Any Saudi money and influence needs to be rejected, that goes without saying. No promoting their Salafist Islamofascism.


----------



## N120 (May 8, 2010)

Zabuzalives said:


> And can the Americans build 13 story high churches over the ruined ashes of bombed cities in Iraq and Afghanistan?
> 
> to ""strengthen ties and understanding"" ???
> 
> ...



Depends on whose building them.

If america builds it in iraq then it's one thing, but if the arab christians themselves build a place to worship in because they live there, then its a different story.

But then again i see where you are coming from on this issue, it does bring back memories and ill feeling. Like those iraqis/afgans who have lost limbs, friends,homes and family yet they have to be reminded of their pain and loss as they are forced to live the presence of foreign bases on their land...it seems wrong and they have a right to be angry about it.

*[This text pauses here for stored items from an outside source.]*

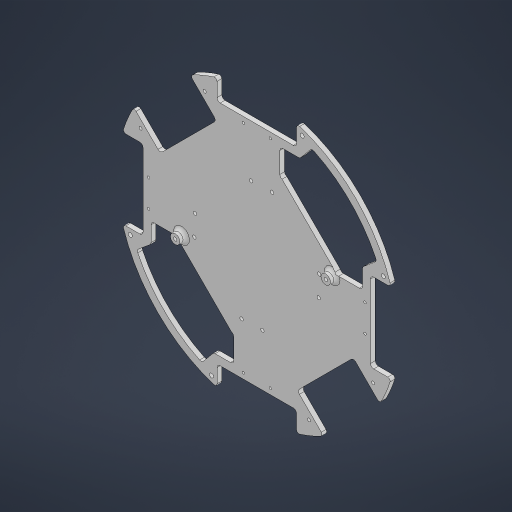
# Autodesk Inventor part: SecondPlate
Saved by Autodesk Inventor 2024.2 (Build 282272000, 272)
## iProperties
Created: 2023-12-22
Part Number: SecondPlate
Material: 一般
Document SubType Name: Modeling
Designer: Hanaoka
Density: 1 g/cm^3
Appearance: 既定
Author: Hanaoka
Autodesk Inventor part; units mm, degrees
(part 1 of 2)
ref_plane "YZ Plane" through (0, 0, 0) normal (1, 0, 0) x (0, 1, 0)
ref_plane "XZ Plane" through (0, 0, 0) normal (0, 1, 0) x (-1, 0, 0)
ref_plane "XY Plane" through (0, 0, 0) normal (0, 0, 1) x (1, 0, 0)
sketch "スケッチ1" plane through (0, 0, 0) normal (0, 0, 1) x (1, 0, 0)
  arc A0 (4.2199, -1.5405) -> (-52.5892, 55.2686) centre (-79.5487, -28.5) ccw projected
  arc A1 (2.792, -3.5) -> (4.2199, -1.5405) centre (2.792, -2) ccw projected
  line L0 (-6.0487, -3.5) -> (2.792, -3.5) projected
  circle A2 centre (0, 0) radius 2.5 projected
  circle A3 centre (0, 0) radius 1.3 projected
  arc A4 (-6.0487, -3.5) -> (-8.0487, -5.5) centre (-6.0487, -5.5) ccw projected
  line L1 (-8.0487, -51.5) -> (-8.0487, -5.5) projected
  arc A5 (-8.0487, -51.5) -> (-6.0487, -53.5) centre (-6.0487, -51.5) ccw projected
  line L2 (2.792, -53.5) -> (-6.0487, -53.5) projected
  arc A6 (4.2199, -55.4595) -> (2.792, -53.5) centre (2.792, -55) ccw projected
  arc A7 (-1.2521, -68.6701) -> (4.2199, -55.4595) centre (-79.5487, -28.5) ccw projected
  arc A8 (-3.6474, -69.046) -> (-1.2521, -68.6701) centre (-2.5867, -67.9854) ccw projected
  line L3 (-9.6341, -63.0593) -> (-3.6474, -69.046) projected
  arc A9 (-9.6341, -63.0593) -> (-13.8768, -63.0593) centre (-11.7555, -65.1806) ccw projected
  line L4 (-15.892, -65.0745) -> (-13.8768, -63.0593) projected
  line L5 (-39.4387, -88.6212) -> (-19.4276, -68.61) projected
  line L6 (-44.9895, -94.172) -> (-42.9742, -92.1567) projected
  arc A10 (-44.9895, -94.172) -> (-44.9895, -98.4146) centre (-42.8682, -96.2933) ccw projected
  line L7 (-39.0027, -104.4014) -> (-44.9895, -98.4146) projected
  arc A11 (-39.3786, -106.7966) -> (-39.0027, -104.4014) centre (-40.0634, -105.462) ccw projected
  arc A12 (-52.5892, -112.2686) -> (-39.3786, -106.7966) centre (-79.5487, -28.5) ccw projected
  arc A13 (-54.5487, -110.8408) -> (-52.5892, -112.2686) centre (-53.0487, -110.8408) ccw projected
  line L8 (-54.5487, -102) -> (-54.5487, -110.8408) projected
  arc A14 (-54.5487, -102) -> (-56.5487, -100) centre (-56.5487, -102) ccw projected
  line L9 (-102.5487, -100) -> (-56.5487, -100) projected
  arc A15 (-102.5487, -100) -> (-104.5487, -102) centre (-102.5487, -102) ccw projected
  line L10 (-104.5487, -110.8408) -> (-104.5487, -102) projected
  arc A16 (-106.5083, -112.2686) -> (-104.5487, -110.8408) centre (-106.0487, -110.8408) ccw projected
  arc A17 (-163.3174, -55.4595) -> (-106.5083, -112.2686) centre (-79.5487, -28.5) ccw projected
  circle A18 centre (-108.0487, -108.0487) radius 2.5 projected
  circle A19 centre (-108.0487, -108.0487) radius 1.3 projected
  arc A20 (-161.8895, -53.5) -> (-163.3174, -55.4595) centre (-161.8895, -55) ccw projected
  line L11 (-153.0487, -53.5) -> (-161.8895, -53.5) projected
  circle A21 centre (-159.0975, -57) radius 1.3 projected
  circle A22 centre (-159.0975, -57) radius 2.5 projected
  arc A23 (-153.0487, -53.5) -> (-151.0487, -51.5) centre (-153.0487, -51.5) ccw projected
  line L12 (-151.0487, -5.5) -> (-151.0487, -51.5) projected
  line L13 (-161.8895, -3.5) -> (-153.0487, -3.5) projected
  arc A24 (-151.0487, -5.5) -> (-153.0487, -3.5) centre (-153.0487, -5.5) ccw projected
  arc A25 (-163.3174, -1.5405) -> (-161.8895, -3.5) centre (-161.8895, -2) ccw projected
  arc A26 (-157.8454, 11.6701) -> (-163.3174, -1.5405) centre (-79.5487, -28.5) ccw projected
  arc A27 (-155.4501, 12.046) -> (-157.8454, 11.6701) centre (-156.5108, 10.9854) ccw projected
  line L14 (-149.4633, 6.0593) -> (-155.4501, 12.046) projected
  arc A28 (-149.4633, 6.0593) -> (-145.2207, 6.0593) centre (-147.342, 8.1806) ccw projected
  line L15 (-143.2054, 8.0745) -> (-145.2207, 6.0593) projected
  line L16 (-119.6588, 31.6212) -> (-139.6699, 11.61) projected
  line L17 (-114.108, 37.172) -> (-116.1232, 35.1567) projected
  arc A29 (-114.108, 37.172) -> (-114.108, 41.4146) centre (-116.2293, 39.2933) ccw projected
  line L18 (-120.0948, 47.4014) -> (-114.108, 41.4146) projected
  arc A30 (-119.7188, 49.7966) -> (-120.0948, 47.4014) centre (-119.0341, 48.462) ccw projected
  arc A31 (-106.5083, 55.2686) -> (-119.7188, 49.7966) centre (-79.5487, -28.5) ccw projected
  arc A32 (-104.5487, 53.8408) -> (-106.5083, 55.2686) centre (-106.0487, 53.8408) ccw projected
  line L19 (-104.5487, 45) -> (-104.5487, 53.8408) projected
  arc A33 (-104.5487, 45) -> (-102.5487, 43) centre (-102.5487, 45) ccw projected
  line L20 (-56.5487, 43) -> (-102.5487, 43) projected
  arc A34 (-52.5892, 55.2686) -> (-54.5487, 53.8408) centre (-53.0487, 53.8408) ccw projected
  line L21 (-54.5487, 53.8408) -> (-54.5487, 45) projected
  arc A35 (-56.5487, 43) -> (-54.5487, 45) centre (-56.5487, 45) ccw projected
  circle A36 centre (-51.0487, 51.0487) radius 2.5 projected
  circle A37 centre (-51.0487, 51.0487) radius 1.3 projected
  circle A38 centre (-11.5487, -37) radius 0.8 projected
  circle A39 centre (-11.5487, -20) radius 0.8 projected
  line L22 (-9.5487, -39.5) -> (-9.5487, -17.5) projected
  line L23 (-9.5487, -17.5) -> (-13.5487, -17.5) projected
  line L24 (-13.5487, -39.5) -> (-13.5487, -17.5) projected
  line L25 (-9.5487, -39.5) -> (-13.5487, -39.5) projected
  circle A40 centre (-71.0487, 39.5) radius 0.8 projected
  circle A41 centre (-88.0487, 39.5) radius 0.8 projected
  line L26 (-68.5487, 41.5) -> (-90.5487, 41.5) projected
  line L27 (-90.5487, 41.5) -> (-90.5487, 37.5) projected
  line L28 (-68.5487, 37.5) -> (-90.5487, 37.5) projected
  line L29 (-68.5487, 41.5) -> (-68.5487, 37.5) projected
  circle A42 centre (-147.5487, -20) radius 0.8 projected
  circle A43 centre (-147.5487, -37) radius 0.8 projected
  line L30 (-149.5487, -17.5) -> (-149.5487, -39.5) projected
  line L31 (-149.5487, -39.5) -> (-145.5487, -39.5) projected
  line L32 (-145.5487, -17.5) -> (-145.5487, -39.5) projected
  line L33 (-149.5487, -17.5) -> (-145.5487, -17.5) projected
  circle A44 centre (-88.0487, -96.5) radius 0.8 projected
  circle A45 centre (-71.0487, -96.5) radius 0.8 projected
  line L34 (-90.5487, -98.5) -> (-68.5487, -98.5) projected
  line L35 (-68.5487, -98.5) -> (-68.5487, -94.5) projected
  line L36 (-90.5487, -94.5) -> (-68.5487, -94.5) projected
  line L37 (-90.5487, -98.5) -> (-90.5487, -94.5) projected
  line L38 (-116.1232, 35.1567) -> (-119.6588, 31.6212)
  line L39 (-139.6699, 11.61) -> (-143.2054, 8.0745)
  line L40 (-15.892, -65.0745) -> (-19.4276, -68.61)
  line L41 (-42.9742, -92.1567) -> (-42.4775, -91.66)
  line L42 (-42.4775, -91.66) -> (-39.4387, -88.6212)
  line L43 (-49.5487, 45.911) -> (-49.5487, 38)
  line L44 (-51.5487, 36) -> (-72.0251, 36)
  line L45 (-73.4393, 35.4142) -> (-143.4629, -34.6094)
  line L46 (-5.1377, 1.5) -> (-13.0487, 1.5)
  line L47 (-15.0487, -0.5) -> (-15.0487, -20.9764)
  line L48 (-15.6345, -22.3906) -> (-85.6581, -92.4142)
  arc A46 (-3.3004, 4.2901) -> (-46.7586, 47.7483) centre (-79.5487, -28.5) ccw
  arc A47 (-5.1377, 1.5) -> (-3.3004, 4.2901) centre (-5.1377, 3.5) ccw
  arc A48 (-46.7586, 47.7483) -> (-49.5487, 45.911) centre (-47.5487, 45.911) ccw
  arc A49 (-51.5487, 36) -> (-49.5487, 38) centre (-51.5487, 38) ccw
  arc A50 (-13.0487, 1.5) -> (-15.0487, -0.5) centre (-13.0487, -0.5) ccw
  arc A51 (-15.6345, -22.3906) -> (-15.0487, -20.9764) centre (-17.0487, -20.9764) ccw
  arc A52 (-72.0251, 36) -> (-73.4393, 35.4142) centre (-72.0251, 34) ccw
  line L49 (-129.6643, 21.6156) -> (-29.4331, -78.6156) construction
  line L50 (-153.9597, -58.5) -> (-146.0487, -58.5)
  line L51 (-144.0487, -56.5) -> (-144.0487, -36.0236)
  line L52 (-109.5487, -102.911) -> (-109.5487, -95)
  line L53 (-107.5487, -93) -> (-87.0724, -93)
  arc A53 (-155.7971, -61.2901) -> (-112.3389, -104.7483) centre (-79.5487, -28.5) ccw
  arc A54 (-112.3389, -104.7483) -> (-109.5487, -102.911) centre (-111.5487, -102.911) ccw
  arc A55 (-153.9597, -58.5) -> (-155.7971, -61.2901) centre (-153.9597, -60.5) ccw
  arc A56 (-146.0487, -58.5) -> (-144.0487, -56.5) centre (-146.0487, -56.5) ccw
  arc A57 (-107.5487, -93) -> (-109.5487, -95) centre (-107.5487, -95) ccw
  arc A58 (-87.0724, -93) -> (-85.6581, -92.4142) centre (-87.0724, -91) ccw
  arc A59 (-143.4629, -34.6094) -> (-144.0487, -36.0236) centre (-142.0487, -36.0236) ccw
  line L54 (-9.6341, -63.0593) -> (-36.5042, -36.1892)
  line L55 (-39.3326, -36.1892) -> (-71.8595, -68.7161)
  line L56 (-71.8595, -71.5445) -> (-44.9895, -98.4146)
  arc A60 (-36.5042, -36.1892) -> (-39.3326, -36.1892) centre (-37.9184, -37.6034) ccw
  arc A61 (-71.8595, -68.7161) -> (-71.8595, -71.5445) centre (-70.4453, -70.1303) ccw
  line L57 (-114.108, 41.4146) -> (-87.2379, 14.5445)
  line L58 (-87.2379, 11.7161) -> (-119.7648, -20.8108)
  line L59 (-122.5933, -20.8108) -> (-149.4633, 6.0593)
  arc A62 (-87.2379, 11.7161) -> (-87.2379, 14.5445) centre (-88.6521, 13.1303) ccw
  arc A63 (-122.5933, -20.8108) -> (-119.7648, -20.8108) centre (-121.179, -19.3966) ccw
  arc A64 (4.2199, -55.4595) -> (4.2199, -55.4595) centre (-79.5487, -28.5) ccw
  arc A65 (-52.5892, -112.2686) -> (-52.5892, -112.2686) centre (-79.5487, -28.5) ccw
  arc A66 (-54.5487, -102) -> (-56.5487, -100) centre (-56.5487, -102) ccw
  point P0 (0, 0)
  point P1 (-49.5487, 48.8886)
  point P2 (-2.1601, 1.5)
  point P3 (-2.1601, 1.5)
  point P4 (-49.5487, 48.8886)
  point P5 (-73.2737, -70.1303)
  point P6 (-52.5892, -112.2686)
  dimension "d2" = 5
  dimension "d3" = 2
  dimension "d4" = 5
  dimension "d5" = 5
  dimension "d6" = 1.5
  dimension "d7" = 1.5
  dimension "d8" = 30
  dimension "d9" = 30
  dimension "d12" = 40
  dimension "d13" = 2
  constraints: 47 point on circle, 44 end point, 21 centre point, 20 tangent, 19 symmetric about line, 11 parallel, 8 equal radius, 8 point on line, 4 collinear, 3 coincident, 2 midpoint, 1 perpendicular, 8 other
  measures "d2" radial gap between concentric circles of A0 A46
  measures "d3" radius of A47
  measures "d4" distance between parallel lines of L0 L46
  measures "d5" distance between parallel lines of L21 L43
  measures "d6" distance between parallel lines of L44 L28
  measures "d7" distance between parallel lines of L47 L24
  measures "d8" distance between parallel lines of L16 L45
  measures "d9" distance between parallel lines of L5 L48
  measures "d12" distance of point (-73.274, -70.13) L7.end
  measures "d13" radius of A60
extrude "押し出し1" add sketch "スケッチ1" along normal blind 1 contours A1 L0 A4 L1 A5 L2 A6 A7 A8 L3 L54 L48 A51 L47 A50 L46 A47 A46 A48 L43 A49 L44 A52 L45 L57 L18 A30 A31 A32 L19 A33 L20 A35 L21 A34 A0 | A27 L14 L59 L45 A59 L51 A56 L50 A55 A53 A54 L52 A57 L53 A58 L48 L56 L7 A11 A12 A13 L8 A14 L9 A15 L10 A16 A17 A20 L11 A23 L12 A24 L13 A25 A26 | L57 A62 L58 A63 L59 L45 | L45 A52 L44 A49 L43 A48 A46 A47 L46 A50 L47 A51 L48 L54 A60 L55 A61 L56 A58 L53 A57 L52 A54 A53 A55 L50 A56 L51 A59 L59 A63 L58 A62 L57 | L48 L56 A61 L55 A60 L54 | A2 | A18 | A22 | A36 | L25 L24 L23 L22 | L29 L28 L27 L26 | L33 L32 L31 L30 | L37 L36 L35 L34
sketch "スケッチ2" plane through (0, 0, 0) normal (0, 0, -1) x (-1, 0, 0)
  arc A0 (-4.2199, -1.5405) -> (-2.792, -3.5) centre (-2.792, -2) ccw projected
  line L0 (6.0487, -3.5) -> (-2.792, -3.5) projected
  arc A1 (8.0487, -5.5) -> (6.0487, -3.5) centre (6.0487, -5.5) ccw projected
  line L1 (8.0487, -51.5) -> (8.0487, -5.5) projected
  arc A2 (6.0487, -53.5) -> (8.0487, -51.5) centre (6.0487, -51.5) ccw projected
  line L2 (-2.792, -53.5) -> (6.0487, -53.5) projected
  arc A3 (-2.792, -53.5) -> (-4.2199, -55.4595) centre (-2.792, -55) ccw projected
  arc A4 (-4.2199, -55.4595) -> (1.2521, -68.6701) centre (79.5487, -28.5) ccw projected
  arc A5 (1.2521, -68.6701) -> (3.6474, -69.046) centre (2.5867, -67.9854) ccw projected
  line L3 (32.9687, -39.7247) -> (3.6474, -69.046) projected
  line L4 (39.0027, -104.4014) -> (68.324, -75.0801) projected
  arc A6 (39.0027, -104.4014) -> (39.3786, -106.7966) centre (40.0634, -105.462) ccw projected
  arc A7 (39.3786, -106.7966) -> (52.5892, -112.2686) centre (79.5487, -28.5) ccw projected
  arc A8 (52.5892, -112.2686) -> (54.5487, -110.8408) centre (53.0487, -110.8408) ccw projected
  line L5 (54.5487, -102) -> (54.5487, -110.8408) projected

so i totally see where your coming from bro.


----------



## maj1n (May 8, 2010)

Whats amusing is that, a very basic and ONLY way to foster better relations is to do good thing's for the other group.

Yet the method, it seems amongst Muslims, is...expanding their religious practices, as if this will somehow foster 'better relations', generally speaking expanding one's religious activities always annoys people, mostly due to the bullshit nature of religion.


----------



## N120 (May 8, 2010)

^ They are. They are supporting the local businesses, employing people in various sectors to build,support and sustain the project, have proposed to set up activities for the locals aswell attract visitors  to the area which will help the local economy too etc etc.

good job.


----------



## Bleach (May 8, 2010)

Confederate flag, from Virginia, and handicapped. 

His opinions mean shit.


----------



## MF NaruSimpson (May 8, 2010)

Zabuzalives said:


> Bullshit. if this was true they would be happy with smaller centres on the outskirts of town or industrial centres. Or worship in a home.



hmmm, wrong.  WTC is not in the middle of NYC, it's at the south end and to the west.  The middle is where the empire state building is.  Both areas have some grandiose churches that have been there for a long time too.  NY has some of the biggest, nicest churches one can find.


----------



## Xyloxi (May 8, 2010)

Zabuzalives said:


> I fail to see the difference.
> 
> American christians funding the churches are not necessarely those who dropped the bombs. Hell it can be Europeans funding the churches to make the comparison more correct.
> 
> there are Christians in Iraq and Afghanistan...they need a place to worship.



Building a thirteen story church in a country where you just invaded doesn't really look that good, whereas Islam is not trying to invade the US.



> Bullshit. if this was true they would be happy with smaller centres on the outskirts of town or industrial centres. Or worship in a home.
> 
> no they want a 13 story mosque in the middle of New York.
> 
> Apart from the placing, I also have troubles with how large it is. Modesty>pressing your ideology onto the public space.



If people want to worship somewhere near where they work, seeing as Muslims pray five times a day they'll need somewhere to go and it's not like other religions are that modest anyway. 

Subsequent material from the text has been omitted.